▶ [Instructions to follow]: Set down exactly the lines below between the line holding "#70=DIRECTION('',(0.,0.,-1.));" and the line holding "#81=LINE('',#80,#79);", inclusive; no other line belongs in the answer.

____ Raw data

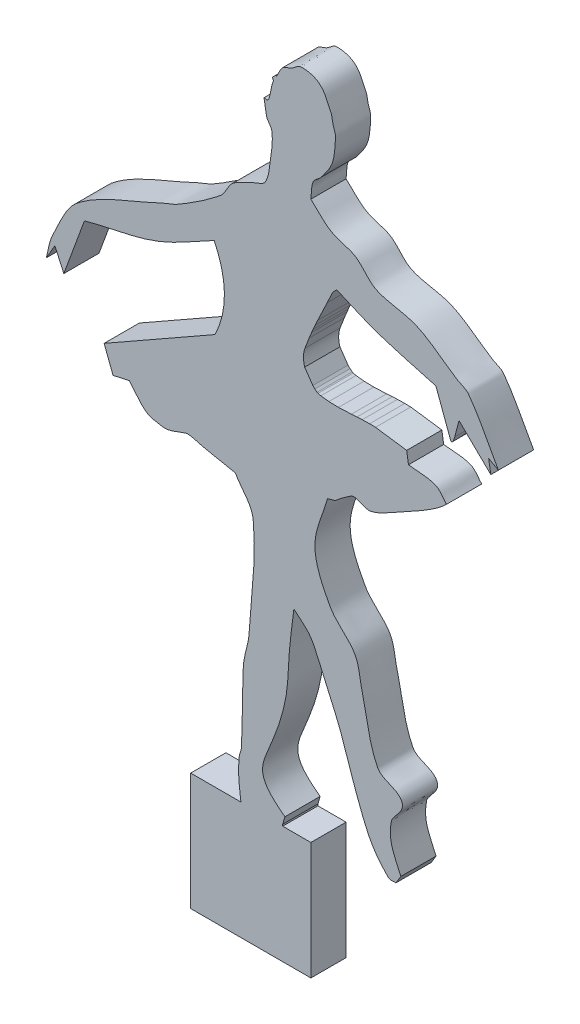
ISO-10303-21;
HEADER;
FILE_DESCRIPTION(('STEP AP214'),'2;1');
FILE_NAME('part.step','',(''),(''),'','','');
FILE_SCHEMA(('AUTOMOTIVE_DESIGN { 1 0 10303 214 1 1 1 1 }'));
ENDSEC;
DATA;
#1=APPLICATION_CONTEXT('core data for automotive mechanical design processes');
#2=APPLICATION_PROTOCOL_DEFINITION('international standard','automotive_design',2000,#1);
#3=PRODUCT_CONTEXT('',#1,'mechanical');
#4=PRODUCT('Part','Part','',(#3));
#5=PRODUCT_RELATED_PRODUCT_CATEGORY('part','',(#4));
#6=PRODUCT_DEFINITION_FORMATION('','',#4);
#7=PRODUCT_DEFINITION_CONTEXT('part definition',#1,'design');
#8=PRODUCT_DEFINITION('design','',#6,#7);
#9=PRODUCT_DEFINITION_SHAPE('','',#8);
#10=(LENGTH_UNIT() NAMED_UNIT(*) SI_UNIT(.MILLI.,.METRE.));
#11=(NAMED_UNIT(*) PLANE_ANGLE_UNIT() SI_UNIT($,.RADIAN.));
#12=(NAMED_UNIT(*) SI_UNIT($,.STERADIAN.) SOLID_ANGLE_UNIT());
#13=UNCERTAINTY_MEASURE_WITH_UNIT(LENGTH_MEASURE(1.E-05),#10,'distance_accuracy_value','');
#14=(GEOMETRIC_REPRESENTATION_CONTEXT(3) GLOBAL_UNCERTAINTY_ASSIGNED_CONTEXT((#13)) GLOBAL_UNIT_ASSIGNED_CONTEXT((#10,
#11,#12)) REPRESENTATION_CONTEXT('',''));
#15=CARTESIAN_POINT('',(0.,0.,0.));
#16=DIRECTION('',(0.,0.,1.));
#17=DIRECTION('',(1.,0.,0.));
#18=AXIS2_PLACEMENT_3D('',#15,#16,#17);
#19=CARTESIAN_POINT('',(1086.05669320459,-9982.74711407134,3.));
#20=CARTESIAN_POINT('',(1085.83406010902,-9982.00139847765,3.));
#21=CARTESIAN_POINT('',(1086.08047796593,-9981.33717508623,3.));
#22=B_SPLINE_CURVE_WITH_KNOTS('',2,(#19,#20,#21),.UNSPECIFIED.,.F.,.F.,(3,3),(0.,1.),.UNSPECIFIED.);
#23=DIRECTION('',(0.,0.,-1.));
#24=VECTOR('',#23,1.);
#25=SURFACE_OF_LINEAR_EXTRUSION('',#22,#24);
#26=CARTESIAN_POINT('',(1086.05669320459,-9982.74711407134,0.));
#27=CARTESIAN_POINT('',(1085.83406010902,-9982.00139847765,0.));
#28=CARTESIAN_POINT('',(1086.08047796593,-9981.33717508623,0.));
#29=B_SPLINE_CURVE_WITH_KNOTS('',2,(#26,#27,#28),.UNSPECIFIED.,.F.,.F.,(3,3),(0.,1.),.UNSPECIFIED.);
#30=CARTESIAN_POINT('',(1086.05669320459,-9982.74711407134,0.));
#31=VERTEX_POINT('',#30);
#32=CARTESIAN_POINT('',(1086.08047796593,-9981.33717508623,0.));
#33=VERTEX_POINT('',#32);
#34=EDGE_CURVE('E477',#31,#33,#29,.T.);
#35=ORIENTED_EDGE('',*,*,#34,.T.);
#36=DIRECTION('',(0.,0.,-1.));
#37=VECTOR('',#36,1.);
#38=CARTESIAN_POINT('',(1086.08047796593,-9981.33717508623,3.));
#39=LINE('',#38,#37);
#40=CARTESIAN_POINT('',(1086.08047796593,-9981.33717508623,3.));
#41=VERTEX_POINT('',#40);
#42=EDGE_CURVE('E11',#41,#33,#39,.T.);
#43=ORIENTED_EDGE('',*,*,#42,.F.);
#44=CARTESIAN_POINT('',(1086.05669320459,-9982.74711407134,3.));
#45=VERTEX_POINT('',#44);
#46=EDGE_CURVE('E776',#45,#41,#22,.T.);
#47=ORIENTED_EDGE('',*,*,#46,.F.);
#48=DIRECTION('',(0.,0.,-1.));
#49=VECTOR('',#48,1.);
#50=CARTESIAN_POINT('',(1086.05669320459,-9982.74711407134,3.));
#51=LINE('',#50,#49);
#52=EDGE_CURVE('E473',#45,#31,#51,.T.);
#53=ORIENTED_EDGE('',*,*,#52,.T.);
#54=EDGE_LOOP('',(#35,#43,#47,#53));
#55=FACE_BOUND('',#54,.T.);
#56=ADVANCED_FACE('F45',(#55),#25,.F.);
#57=CARTESIAN_POINT('',(4272.01790787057,-1629.65814471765,3.));
#58=DIRECTION('',(-0.934325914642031,0.356419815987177,0.));
#59=DIRECTION('',(-0.356419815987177,-0.934325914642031,0.));
#60=AXIS2_PLACEMENT_3D('',#57,#58,#59);
#61=PLANE('',#60);
#62=DIRECTION('',(0.356419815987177,0.934325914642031,0.));
#63=VECTOR('',#62,1.);
#64=CARTESIAN_POINT('',(4272.01790787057,-1629.65814471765,0.));
#65=LINE('',#64,#63);
#66=CARTESIAN_POINT('',(1086.43100838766,-9980.41828774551,0.));
#67=VERTEX_POINT('',#66);
#68=EDGE_CURVE('E483',#33,#67,#65,.T.);
#69=ORIENTED_EDGE('',*,*,#68,.T.);
#70=DIRECTION('',(0.,0.,-1.));
#71=VECTOR('',#70,1.);
#72=CARTESIAN_POINT('',(1086.43100838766,-9980.41828774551,3.));
#73=LINE('',#72,#71);
#74=CARTESIAN_POINT('',(1086.43100838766,-9980.41828774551,3.));
#75=VERTEX_POINT('',#74);
#76=EDGE_CURVE('E55',#75,#67,#73,.T.);
#77=ORIENTED_EDGE('',*,*,#76,.F.);
#78=DIRECTION('',(0.356419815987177,0.934325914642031,0.));
#79=VECTOR('',#78,1.);
#80=CARTESIAN_POINT('',(4272.01790787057,-1629.65814471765,3.));
#81=LINE('',#80,#79);
#82=EDGE_CURVE('E271',#41,#75,#81,.T.);
#83=ORIENTED_EDGE('',*,*,#82,.F.);
#84=ORIENTED_EDGE('',*,*,#42,.T.);
#85=EDGE_LOOP('',(#69,#77,#83,#84));
#86=FACE_BOUND('',#85,.T.);
#87=ADVANCED_FACE('F1064',(#86),#61,.F.);
#88=CARTESIAN_POINT('',(4468.46035354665,-1861.3557986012,3.));
#89=DIRECTION('',(-0.923113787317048,0.384526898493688,0.));
#90=DIRECTION('',(-0.384526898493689,-0.923113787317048,0.));
#91=AXIS2_PLACEMENT_3D('',#88,#89,#90);
#92=PLANE('',#91);
#93=DIRECTION('',(0.384526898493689,0.923113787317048,0.));
#94=VECTOR('',#93,1.);
#95=CARTESIAN_POINT('',(4468.46035354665,-1861.3557986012,0.));
#96=LINE('',#95,#94);
#97=CARTESIAN_POINT('',(1086.65878604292,-9979.87147373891,0.));
#98=VERTEX_POINT('',#97);
#99=EDGE_CURVE('E489',#67,#98,#96,.T.);
#100=ORIENTED_EDGE('',*,*,#99,.T.);
#101=DIRECTION('',(0.,0.,-1.));
#102=VECTOR('',#101,1.);
#103=CARTESIAN_POINT('',(1086.65878604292,-9979.87147373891,3.));
#104=LINE('',#103,#102);
#105=CARTESIAN_POINT('',(1086.65878604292,-9979.87147373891,3.));
#106=VERTEX_POINT('',#105);
#107=EDGE_CURVE('E967',#106,#98,#104,.T.);
#108=ORIENTED_EDGE('',*,*,#107,.F.);
#109=DIRECTION('',(0.384526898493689,0.923113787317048,0.));
#110=VECTOR('',#109,1.);
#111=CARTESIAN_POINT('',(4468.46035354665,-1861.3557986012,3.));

________

▶ [Response below]:
#70=DIRECTION('',(0.,0.,-1.));
#71=VECTOR('',#70,1.);
#72=CARTESIAN_POINT('',(1086.43100838766,-9980.41828774551,3.));
#73=LINE('',#72,#71);
#74=CARTESIAN_POINT('',(1086.43100838766,-9980.41828774551,3.));
#75=VERTEX_POINT('',#74);
#76=EDGE_CURVE('E55',#75,#67,#73,.T.);
#77=ORIENTED_EDGE('',*,*,#76,.F.);
#78=DIRECTION('',(0.356419815987177,0.934325914642031,0.));
#79=VECTOR('',#78,1.);
#80=CARTESIAN_POINT('',(4272.01790787057,-1629.65814471765,3.));
#81=LINE('',#80,#79);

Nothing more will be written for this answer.